Monday, Jun. 11, 1951

New Boss for Harvester

In a walnut-paneled room high in a Chicago office building one morning last week, Fowler McCormick, 52, International Harvester Co.'s chairman and big stockholder, met his board of directors for a showdown. The directors wanted to make President John Lawrence McCaffrey top dog in the company, turn the chairmanship into an advisory post. McCormick opposed the change, but the directors approved it anyway. Promptly McCormick resigned as chairman (but not as a director). For the first time since 1831, when Fowler McCormick's grandfather Cyrus introduced the reaper, the largest U.S. maker of agricultural equipment had no McCormick in a top executive post.

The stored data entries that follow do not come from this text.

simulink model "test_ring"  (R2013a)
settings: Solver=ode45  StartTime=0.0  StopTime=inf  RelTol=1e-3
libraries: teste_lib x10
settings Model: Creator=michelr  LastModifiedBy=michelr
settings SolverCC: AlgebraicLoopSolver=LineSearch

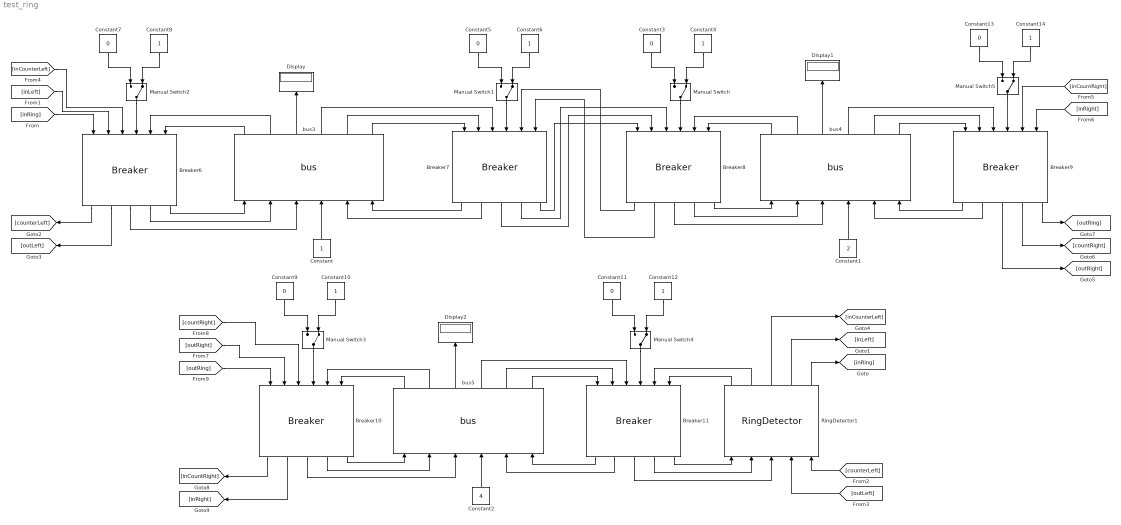
== system test_ring ==
  Breaker{6..11} (6 alike) : teste_lib/Breaker
  Constant{,4,6,8,10,12,14} (7 alike) : Constant
  Constant1 : Constant  Value=2
  Constant{3,5,7,9,11,13} (6 alike) : Constant  Value=0
  Constant2 : Constant  Value=4
  Display : Display
  Display1 : Display
  Display2 : Display
  Manual Switch{,1..5} (6 alike) : ManualSwitch  CurrentSetting=0
  RingDetector1 : teste_lib/RingDetector
  bus3 : teste_lib/bus
  bus4 : teste_lib/bus
  bus5 : teste_lib/bus
  wires:
  bus5/1 -> Breaker10/6
  bus5/2 -> Breaker10/5
  bus5/6 -> Breaker11/1
  bus5/5 -> Breaker11/2
  bus5/4 -> Breaker11/3
  Breaker11/1 -> bus5/6
  Breaker11/2 -> bus5/5
  Breaker11/5 -> RingDetector1/1
  Breaker11/4 -> RingDetector1/2
  Breaker11/3 -> RingDetector1/3
  RingDetector1/1 -> Breaker11/6
  RingDetector1/2 -> Breaker11/5
  Breaker10/5 -> bus5/1
  Breaker10/4 -> bus5/2
  Breaker10/3 -> bus5/3
  bus3/1 -> Breaker6/6
  bus3/2 -> Breaker6/5
  bus3/6 -> Breaker7/1
  bus3/5 -> Breaker7/2
  bus3/4 -> Breaker7/3
  Breaker6/5 -> bus3/1
  Breaker6/4 -> bus3/2
  Breaker6/3 -> bus3/3
  Breaker7/1 -> bus3/6
  Breaker7/2 -> bus3/5
  Breaker7/5 -> Breaker8/1
  Breaker7/4 -> Breaker8/3
  Breaker7/3 -> Breaker8/2
  Breaker8/2 -> Breaker7/6
  Breaker8/1 -> Breaker7/5
  bus4/1 -> Breaker8/6
  bus4/2 -> Breaker8/5
  Breaker8/5 -> bus4/1
  Breaker8/4 -> bus4/2
  Breaker8/3 -> bus4/3
  bus4/6 -> Breaker9/1
  bus4/5 -> Breaker9/2
  bus4/4 -> Breaker9/3
  Breaker9/1 -> bus4/6
  Breaker9/2 -> bus4/5
  bus3/3 -> Display/1
  bus4/3 -> Display1/1
  bus5/3 -> Display2/1
  Constant2/1 -> bus5/4
  Constant/1 -> bus3/4
  Constant1/1 -> bus4/4
  Constant3/1 -> Manual Switch/1
  Constant4/1 -> Manual Switch/2
  Manual Switch/1 -> Breaker8/4
  Constant5/1 -> Manual Switch1/1
  Constant6/1 -> Manual Switch1/2
  Manual Switch1/1 -> Breaker7/4
  Constant7/1 -> Manual Switch2/1
  Constant8/1 -> Manual Switch2/2
  Manual Switch2/1 -> Breaker6/4
  Constant9/1 -> Manual Switch3/1
  Constant10/1 -> Manual Switch3/2
  Manual Switch3/1 -> Breaker10/4
  Constant11/1 -> Manual Switch4/1
  Constant12/1 -> Manual Switch4/2
  Manual Switch4/1 -> Breaker11/4
  Breaker6/1 -> [counterLeft]
  Breaker6/2 -> [outLeft]
  [inRing] -> Breaker6/1
  [inLeft] -> Breaker6/2
  [inCounterLeft] -> Breaker6/3
  RingDetector1/5 -> [inRing]
  RingDetector1/4 -> [inLeft]
  RingDetector1/3 -> [inCounterLeft]
  [counterLeft] -> RingDetector1/5
  [outLeft] -> RingDetector1/4
  [inRight] -> Breaker9/6
  [inCountRight] -> Breaker9/5
  Breaker9/5 -> [outRing]
  Breaker9/4 -> [countRight]
  Breaker9/3 -> [outRight]
  [outRing] -> Breaker10/1
  [countRight] -> Breaker10/3
  [outRight] -> Breaker10/2
  Breaker10/1 -> [inCountRight]
  Breaker10/2 -> [inRight]
  Constant13/1 -> Manual Switch5/1
  Constant14/1 -> Manual Switch5/2
  Manual Switch5/1 -> Breaker9/4
simulink model "FinSimLagrange1"  (R2020b)
settings: Solver=FixedStepAuto  StartTime=0.0  StopTime=10.0  FixedStep=0.001  RelTol=1e-3
values from neighbouring files (symbols this model uses):
  m = {0 0 0 0 0}    [DynMatrixCalculator.m]    (also in DynMats_Iterative.mat = ; FinLagrange_2.m = mass{i})
  N = {zeros(3,1) zeros(3,1) zeros(3,1) zeros(3,1) zeros(3,1)}    [DynMatrixCalculator.m]    (also in DynMats_Iterative.mat = )
undefined symbols (not defined in the file or in its folder): X, Y, Z
libraries: sm_lib x34, nesl_utility x24
(part 4 of 4)

== matlab function FinSimLagrange1/Analytical Forward. Dynamics/MATLAB Function ==
  data: Tau input; theta input; theta_d input; theta_2d output; EndEffector output
function [theta_2d,EndEffector] = fcn(Tau, theta, theta_d)

q1 = theta(1);    q_d1 = theta_d(1);
q2 = theta(2);    q_d2 = theta_d(2);
q3 = theta(3);    q_d3 = theta_d(3);
q4 = theta(4);    q_d4 = theta_d(4);

%% M
M= [                                                                                                                                                                                                                                                                                                                                                                                                                                            27947/500,                                                                                                                                                                                                                                                                                                                                                                                                                                                                                                                                                                                                                                                                                                                                                                                                                                                                                                                                                                                                                                                                                                                                                                                                                                                                                                                                                                                                                                                                                                                                                                                                                                                                                                                                                                                                                                                                                                                                                                                                                                                                                                                                                                                                                                                                                                                                                                                                                                                                                                                                                                                                                                                                                                                                                                                                                                                                                                                                                                                                                                                                                                                                                                                                                                                                                                                                                                                                                                                                                                                                                                                                                                                                                                                                                                                                                                                                                                                                                                                                                                                                                                                                                                                                                                                                                                                                                                                                                                                                                                                                                                                                                                                                                                                                                                                                                                                                                                                                                                                                                                                                                                                                                                                                                                                                                                                                                                                                                                                                                                                     (252799*cos(q2))/4000000 + (8197271897754683*sin(q2))/576460752303423488 + (5271805637408845*cos(q2)*cos(q3))/36028797018963968 + (65855377368601641551*cos(q2)*sin(q3))/14073748835532800000 - (6905770129014017*cos(q2)*cos(q3)*cos(q4))/4503599627370496 + (1448762964128815*cos(q2)*cos(q3)*sin(q4))/9007199254740992 + (1448762964128815*cos(q2)*cos(q4)*sin(q3))/9007199254740992 + (6905770129014017*cos(q2)*sin(q3)*sin(q4))/4503599627370496,                                                                                                                                                                                                                                                                                                                                                                                                                                                                                                                                                                                                                                                                                                                                                                                                                                                                                                                                                                                                                                                                                                                                                                                                                                                                                                                                                                                                                                                                                                                                                                                                                                                                                                                                                                                                                                                                                                                                                                                                                                                                                                                                                                                                                                                                                                                                                                                                                                                                                                                                                                                                                                                                                                                                                                                                                                                                                                                                                                                                                                                                                                                                                                                                                                                                                                                                                                                                                               (65855377368601641551*cos(q3)*sin(q2))/14073748835532800000 - (5271805637408845*sin(q2)*sin(q3))/36028797018963968 - (1448762964128815*sin(q2)*sin(q3)*sin(q4))/9007199254740992 + (1448762964128815*cos(q3)*cos(q4)*sin(q2))/9007199254740992 + (6905770129014017*cos(q3)*sin(q2)*sin(q4))/4503599627370496 + (6905770129014017*cos(q4)*sin(q2)*sin(q3))/4503599627370496,                                                                                                                                                                                                                                                                                                                                                                                                                                                                                                                                                                                                                                                                                                                                                                                                                                                                                                                                                                                                                                                                                                                                                                                                                                                                                                                                                                                                                                                                                                                                                                                                                                                                                                                                                                                                                                                                                     (1448762964128815*cos(q3)*cos(q4)*sin(q2))/9007199254740992 - (1448762964128815*sin(q2)*sin(q3)*sin(q4))/9007199254740992 + (6905770129014017*cos(q3)*sin(q2)*sin(q4))/4503599627370496 + (6905770129014017*cos(q4)*sin(q2)*sin(q3))/4503599627370496
(252799*cos(q2))/4000000 + (8197271897754683*sin(q2))/576460752303423488 + (5271805637408845*cos(q2)*cos(q3))/36028797018963968 + (65855377368601641551*cos(q2)*sin(q3))/14073748835532800000 - (6905770129014017*cos(q2)*cos(q3)*cos(q4))/4503599627370496 + (1448762964128815*cos(q2)*cos(q3)*sin(q4))/9007199254740992 + (1448762964128815*cos(q2)*cos(q4)*sin(q3))/9007199254740992 + (6905770129014017*cos(q2)*sin(q3)*sin(q4))/4503599627370496, ((59*cos(q2))/100000 + (29*cos(q2)*sin(q3))/100)*((632657*cos(q2))/100000000 + (6181388646949611*sin(q2))/576460752303423488 + (310967*cos(q2)*sin(q3))/100000 - (6905770129014017*cos(q2)*cos(q3)*cos(q4))/4503599627370496 + (1448762964128815*cos(q2)*cos(q3)*sin(q4))/9007199254740992 + (1448762964128815*cos(q2)*cos(q4)*sin(q3))/9007199254740992 + (6905770129014017*cos(q2)*sin(q3)*sin(q4))/4503599627370496) + sin(q2)*((452416774701268201*cos(q2))/57646075230342348800000 + (315371787680421*sin(q2))/9007199254740992 - (5398328972706657*cos(q2)*cos(q3))/36893488147419103232 - (185161787713245*cos(q2)*sin(q3))/72057594037927936) + (cos(q2)*cos(q3)*cos(q4) - cos(q2)*sin(q3)*sin(q4))*((1229911296841483*sin(q2))/2305843009213693952 - (407440437611827003*cos(q2))/450359962737049600000 - (200267333741406493*cos(q2)*sin(q3))/450359962737049600 + (6760346681275207*cos(q2)*cos(q3)*cos(q4))/18014398509481984 + (8070931876976101*cos(q2)*cos(q3)*sin(q4))/576460752303423488 + (8070931876976101*cos(q2)*cos(q4)*sin(q3))/576460752303423488 - (6760346681275207*cos(q2)*sin(q3)*sin(q4))/18014398509481984) + cos(q2)*((315371787680421*cos(q2))/9007199254740992 - (452416774701268201*sin(q2))/57646075230342348800000 + (5398328972706657*cos(q3)*sin(q2))/36893488147419103232 + (185161787713245*sin(q2)*sin(q3))/72057594037927936) + (59*sin(q2)*((392409*sin(q2))/50000000 - (7668080927140139*cos(q2))/576460752303423488 + (5271805637408845*cos(q3)*sin(q2))/36028797018963968 + (7069012104707315*sin(q2)*sin(q3))/4503599627370496))/100000 + (cos(q2)*cos(q3)*sin(q4) + cos(q2)*cos(q4)*sin(q3))*((17095402976720017*cos(q2))/180143985094819840000 - (2967066550535813*sin(q2))/18446744073709551616 + (8402825191947127*cos(q2)*sin(q3))/180143985094819840 + (8070931876976101*cos(q2)*cos(q3)*cos(q4))/576460752303423488 + (23447259624965*cos(q2)*cos(q3)*sin(q4))/2251799813685248 + (23447259624965*cos(q2)*cos(q4)*sin(q3))/2251799813685248 - (8070931876976101*cos(q2)*sin(q3)*sin(q4))/576460752303423488) + sin(q2)*((364701930170027049*cos(q2))/57646075230342348800000 + (180337153490037*sin(q2))/18014398509481984 + (179260270761538719*cos(q2)*sin(q3))/57646075230342348800 + (1229911296841483*cos(q2)*cos(q3)*cos(q4))/2305843009213693952 - (2967066550535813*cos(q2)*cos(q3)*sin(q4))/18446744073709551616 - (2967066550535813*cos(q2)*cos(q4)*sin(q3))/18446744073709551616 - (1229911296841483*cos(q2)*sin(q3)*sin(q4))/2305843009213693952) + ((59*sin(q2))/100000 + (29*sin(q2)*sin(q3))/100)*((632657*sin(q2))/100000000 - (6181388646949611*cos(q2))/576460752303423488 + (310967*sin(q2)*sin(q3))/100000 + (6905770129014017*sin(q2)*sin(q3)*sin(q4))/4503599627370496 - (6905770129014017*cos(q3)*cos(q4)*sin(q2))/4503599627370496 + (1448762964128815*cos(q3)*sin(q2)*sin(q4))/9007199254740992 + (1448762964128815*cos(q4)*sin(q2)*sin(q3))/9007199254740992) + cos(q2)*((3135211865359407*cos(q2))/72057594037927936 - (3617406512854443*sin(q2))/73786976294838206464) + (sin(q2)*sin(q3)*sin(q4) - cos(q3)*cos(q4)*sin(q2))*((1229911296841483*cos(q2))/2305843009213693952 + (407440437611827003*sin(q2))/450359962737049600000 + (200267333741406493*sin(q2)*sin(q3))/450359962737049600 + (6760346681275207*sin(q2)*sin(q3)*sin(q4))/18014398509481984 - (6760346681275207*cos(q3)*cos(q4)*sin(q2))/18014398509481984 - (8070931876976101*cos(q3)*sin(q2)*sin(q4))/576460752303423488 - (8070931876976101*cos(q4)*sin(q2)*sin(q3))/576460752303423488) + (cos(q3)*sin(q2)*sin(q4) + cos(q4)*sin(q2)*sin(q3))*((2967066550535813*cos(q2))/18446744073709551616 + (17095402976720017*sin(q2))/180143985094819840000 + (8402825191947127*sin(q2)*sin(q3))/180143985094819840 - (8070931876976101*sin(q2)*sin(q3)*sin(q4))/576460752303423488 + (8070931876976101*cos(q3)*cos(q4)*sin(q2))/576460752303423488 + (23447259624965*cos(q3)*sin(q2)*sin(q4))/2251799813685248 + (23447259624965*cos(q4)*sin(q2)*sin(q3))/2251799813685248) + sin(q2)*((3617406512854443*cos(q2))/73786976294838206464 + (3135211865359407*sin(q2))/72057594037927936) + cos(q2)*((180337153490037*cos(q2))/18014398509481984 - (364701930170027049*sin(q2))/57646075230342348800000 - (179260270761538719*sin(q2)*sin(q3))/57646075230342348800 + (1229911296841483*sin(q2)*sin(q3)*sin(q4))/2305843009213693952 - (1229911296841483*cos(q3)*cos(q4)*sin(q2))/2305843009213693952 + (2967066550535813*cos(q3)*sin(q2)*sin(q4))/18446744073709551616 + (2967066550535813*cos(q4)*sin(q2)*sin(q3))/18446744073709551616) + cos(q2)*((4249992925154011*cos(q2))/288230376151711744 + (3617406512854443*sin(q2))/73786976294838206464) - sin(q2)*((3617406512854443*cos(q2))/73786976294838206464 - (4249992925154011*sin(q2))/288230376151711744) + (59*cos(q2)*((392409*cos(q2))/50000000 + (7668080927140139*sin(q2))/576460752303423488 + (5271805637408845*cos(q2)*cos(q3))/36028797018963968 + (7069012104707315*cos(q2)*sin(q3))/4503599627370496))/100000 + cos(q3)*sin(q2)*((5398328972706657*cos(q2))/36893488147419103232 + (62207306521424371*sin(q2))/720575940379279360000 + (263182111629015*cos(q3)*sin(q2))/18014398509481984 - (2055946696629407*sin(q2)*sin(q3))/144115188075855872) + cos(q2)*sin(q3)*((83414342835546317*cos(q2))/90071992547409920000 - (185161787713245*sin(q2))/72057594037927936 - (2055946696629407*cos(q2)*cos(q3))/144115188075855872 + (2929294752374665*cos(q2)*sin(q3))/9007199254740992) + sin(q2)*sin(q3)*((185161787713245*cos(q2))/72057594037927936 + (83414342835546317*sin(q2))/90071992547409920000 - (2055946696629407*cos(q3)*sin(q2))/144115188075855872 + (2929294752374665*sin(q2)*sin(q3))/9007199254740992) + cos(q2)*cos(q3)*((62207306521424371*cos(q2))/720575940379279360000 - (5398328972706657*sin(q2))/36893488147419103232 + (263182111629015*cos(q2)*cos(q3))/18014398509481984 - (2055946696629407*cos(q2)*sin(q3))/144115188075855872),                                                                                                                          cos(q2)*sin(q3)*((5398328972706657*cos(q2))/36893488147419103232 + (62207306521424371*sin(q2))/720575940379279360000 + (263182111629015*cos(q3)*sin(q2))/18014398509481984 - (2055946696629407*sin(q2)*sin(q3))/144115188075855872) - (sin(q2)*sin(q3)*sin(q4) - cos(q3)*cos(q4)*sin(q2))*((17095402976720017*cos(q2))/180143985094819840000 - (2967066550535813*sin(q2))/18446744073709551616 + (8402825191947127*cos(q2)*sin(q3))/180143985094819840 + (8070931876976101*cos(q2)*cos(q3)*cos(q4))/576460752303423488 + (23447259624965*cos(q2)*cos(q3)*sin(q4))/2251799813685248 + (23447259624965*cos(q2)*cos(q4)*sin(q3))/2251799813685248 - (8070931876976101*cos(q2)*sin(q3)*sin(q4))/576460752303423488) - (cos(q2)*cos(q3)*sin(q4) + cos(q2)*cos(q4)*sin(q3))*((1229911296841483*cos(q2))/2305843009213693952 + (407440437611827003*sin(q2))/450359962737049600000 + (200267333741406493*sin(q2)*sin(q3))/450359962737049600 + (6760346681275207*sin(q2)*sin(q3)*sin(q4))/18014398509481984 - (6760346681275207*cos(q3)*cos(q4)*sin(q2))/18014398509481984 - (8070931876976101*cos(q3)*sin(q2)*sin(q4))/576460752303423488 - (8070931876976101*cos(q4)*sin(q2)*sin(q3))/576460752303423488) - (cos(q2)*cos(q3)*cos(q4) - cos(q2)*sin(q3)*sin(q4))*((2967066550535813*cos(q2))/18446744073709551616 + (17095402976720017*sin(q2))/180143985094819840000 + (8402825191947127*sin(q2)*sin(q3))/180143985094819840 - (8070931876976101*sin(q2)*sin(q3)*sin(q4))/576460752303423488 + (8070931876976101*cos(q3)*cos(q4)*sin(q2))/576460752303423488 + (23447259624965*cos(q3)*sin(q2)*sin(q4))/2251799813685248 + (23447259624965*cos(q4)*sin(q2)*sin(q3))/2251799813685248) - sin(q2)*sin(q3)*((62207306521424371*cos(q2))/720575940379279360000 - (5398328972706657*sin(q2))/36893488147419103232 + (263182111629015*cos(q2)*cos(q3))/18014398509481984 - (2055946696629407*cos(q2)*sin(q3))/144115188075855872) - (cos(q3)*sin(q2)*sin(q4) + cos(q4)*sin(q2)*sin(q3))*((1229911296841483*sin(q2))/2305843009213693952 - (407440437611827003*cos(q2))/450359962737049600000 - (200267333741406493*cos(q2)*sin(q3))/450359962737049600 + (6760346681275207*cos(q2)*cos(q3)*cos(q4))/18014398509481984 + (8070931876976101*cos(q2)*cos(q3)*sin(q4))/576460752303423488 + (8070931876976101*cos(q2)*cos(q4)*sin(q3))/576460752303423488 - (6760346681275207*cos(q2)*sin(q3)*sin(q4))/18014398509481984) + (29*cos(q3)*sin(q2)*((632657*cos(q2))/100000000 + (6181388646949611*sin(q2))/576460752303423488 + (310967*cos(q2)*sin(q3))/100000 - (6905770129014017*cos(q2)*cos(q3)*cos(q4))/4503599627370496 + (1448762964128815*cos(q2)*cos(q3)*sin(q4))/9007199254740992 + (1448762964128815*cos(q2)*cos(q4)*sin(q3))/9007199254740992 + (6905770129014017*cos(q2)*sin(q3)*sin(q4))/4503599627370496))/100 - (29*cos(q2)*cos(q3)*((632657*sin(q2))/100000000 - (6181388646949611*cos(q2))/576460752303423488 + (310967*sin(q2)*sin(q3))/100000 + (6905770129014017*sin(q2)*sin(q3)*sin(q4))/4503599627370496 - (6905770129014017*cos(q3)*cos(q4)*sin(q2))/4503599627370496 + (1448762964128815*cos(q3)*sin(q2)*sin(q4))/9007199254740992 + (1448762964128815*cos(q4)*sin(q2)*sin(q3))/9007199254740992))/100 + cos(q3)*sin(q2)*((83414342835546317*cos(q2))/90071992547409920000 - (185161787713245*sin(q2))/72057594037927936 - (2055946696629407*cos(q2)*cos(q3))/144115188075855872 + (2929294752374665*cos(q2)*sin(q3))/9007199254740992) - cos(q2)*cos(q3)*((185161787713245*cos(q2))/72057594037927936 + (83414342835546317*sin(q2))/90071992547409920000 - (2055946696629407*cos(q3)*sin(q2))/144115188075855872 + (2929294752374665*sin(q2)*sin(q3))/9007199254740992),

Fowler McCormick, after breezing through Groton and Princeton, had joined the company as a $25-a-week factory worker in 1925, worked up through the engineering, accounting and sales departments to a vice presidency in 1934. He was president from 1941 to 1946 when Harvester smoothly shifted to wartime production of armored vehicles, shells and airplane cowlings along with peacetime farm equipment. When he was made chairman five years ago, directors changed the bylaws to let him keep the chief executive powers. McCormick decentralized the company's management, sparkplugged its $150 million postwar expansion, helped boost profits from $22 million in 1946 to $66,700,000 last year. He also made a reputation as a business statesman, favored liberal pensions, cost-of-living adjustments and other benefits, personally mediated a strike last fall by giving the union almost everything it wanted.

But over the past 2 1/2 years, weakened by an attack of virus pneumonia, McCormick was away from his desk for prolonged periods, missed directors' meetings time & again, left the job--but not the authority--of running the company to McCaffrey. This was presumably the chief reason the directors clipped McCormick of his power. Another reason, according to union gossip: the directors objected to McCormick's too-liberal labor policies. (Even with them, Harvester has been plagued by strikes by its Redline C.I.O. United Farm Equipment and Metal Workers union.)

Harvester's new boss, 58-year-old Larry McCaffrey, is a company veteran. The son of a blacksmith, he went to work at 16 at Harvester, rose through the sales department (McCormick was his assistant), was made second vice president and a director after McCormick became president. For years, the "two Macs" worked as a team, and Mac McCaffrey wanted to keep it that way. Said he last week: "I asked [McCormick] to change his mind after the meeting. I will ask him again the first time I see him."